L’onde de choc du #Volkswagengate ne cesse d’avoir des répliques. Il est en passe de se transformer en #dieselgate éclaboussant bien d’autres constructeurs automobiles, soulignant toujours plus la contradiction entre deux objectifs contradictoires : la diminution de la consommation d’énergie d’un côté et la réduction des émissions polluantes de l’autre. Deux objectifs antinomiques pour nous aussi consommateurs, qui voudrions des voitures toujours plus sobres et moins chères qu’elles ne peuvent l’être. Un peu comme si entre boire et conduire nous n’arrivions pas à choisir la bonne option.

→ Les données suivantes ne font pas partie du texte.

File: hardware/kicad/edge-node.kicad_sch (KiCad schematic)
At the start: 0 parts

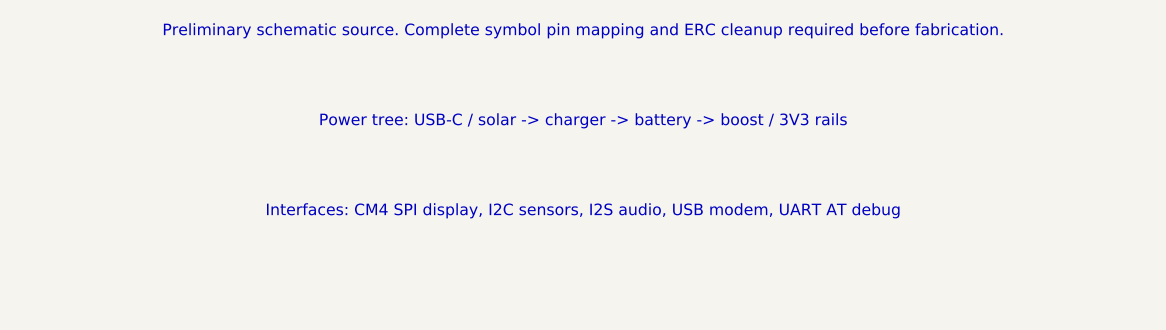
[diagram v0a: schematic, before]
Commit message: Add smartphone-first prototype and hosted backend
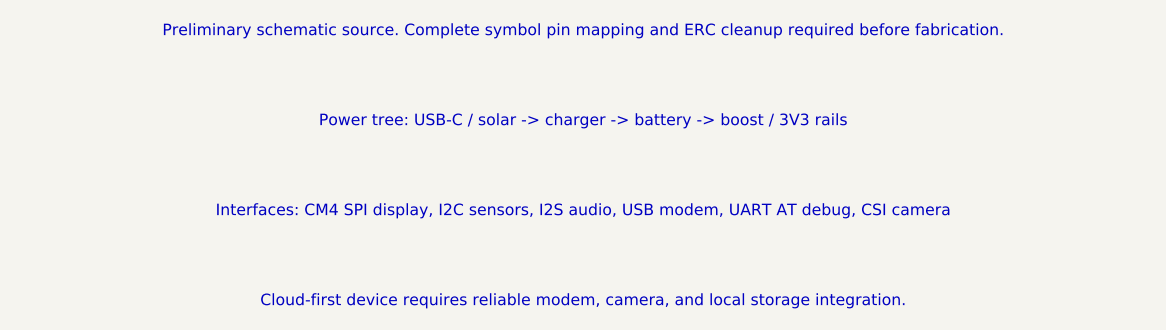
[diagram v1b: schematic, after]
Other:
- note added: "Cloud-first device requires reliable modem, camera, and local storage integration."
- note added: "Interfaces: CM4 SPI display, I2C sensors, I2S audio, USB modem, UART AT debug, CSI camera"
- note removed: "Interfaces: CM4 SPI display, I2C sensors, I2S audio, USB modem, UART AT debug"
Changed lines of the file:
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@@
   (text "Preliminary schematic source. Complete symbol pin mapping and ERC cleanup required before fabrication." (at 35 20 0))
   (text "Power tree: USB-C / solar -> charger -> battery -> boost / 3V3 rails" (at 35 30 0))
-  (text "Interfaces: CM4 SPI display, I2C sensors, I2S audio, USB modem, UART AT debug" (at 35 40 0))
+  (text "Interfaces: CM4 SPI display, I2C sensors, I2S audio, USB modem, UART AT debug, CSI camera" (at 35 40 0))
+  (text "Cloud-first device requires reliable modem, camera, and local storage integration." (at 35 50 0))
 )
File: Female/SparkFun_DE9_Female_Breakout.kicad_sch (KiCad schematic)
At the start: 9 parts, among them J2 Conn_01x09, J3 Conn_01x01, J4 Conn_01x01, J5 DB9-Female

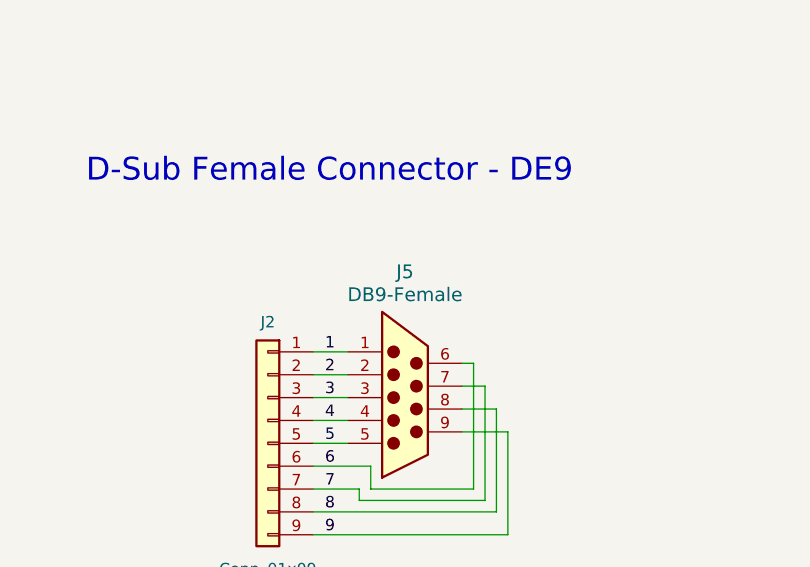
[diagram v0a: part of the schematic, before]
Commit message: Updates symbol, footprint, and design with the new renamed parts
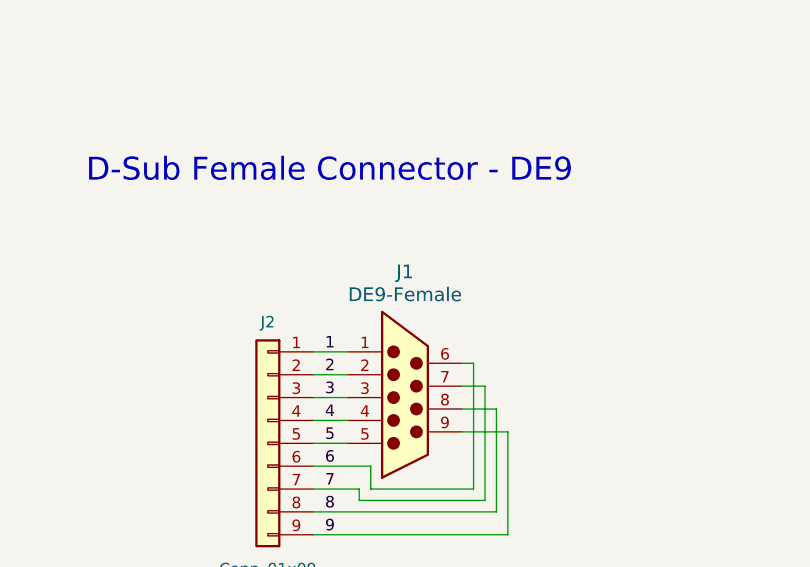
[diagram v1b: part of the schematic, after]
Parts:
- removed J5: DB9-Female, DE9_Footprint:DB9_Female, symbol DB9-Female:DB9 Female
- added J1: DE9-Female, DE9-Footprints:DE9_Female, symbol DE9-Female:DE9 Female
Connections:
- net 1: now also J1.1
- net 2: now also J1.2
- net 3: now also J1.3
- net 4: now also J1.4
- net 5: now also J1.5
- net 6: now also J1.6
- net 7: now also J1.7
- net 8: now also J1.8
- net 9: now also J1.9

Pour Alain Girault, directeur de recherche à l’Inria, rapporte Industrie & Technologies, cette histoire est emblématique des transformations du monde automobile de ces dernières années avec l’intégration de plus en plus d’informatique au coeur du véhicule, permettant de réguler et contrôler leurs fonctions avancées. Cette intégration toujours plus poussée de l’électronique, Rue89 en avait très bien montré les implications, en nous racontant l’évolution du métier même de garagiste, où le diagnostic mécanique d’un véhicule se fait désormais entièrement par informatique. Avec une informatisation toujours plus poussée, les bancs de test fournis par les constructeurs ne laissent voir que ce que le constructeur veut bien laisser voir de ses programmes, chaque constructeur étant en concurrence avec l’autre.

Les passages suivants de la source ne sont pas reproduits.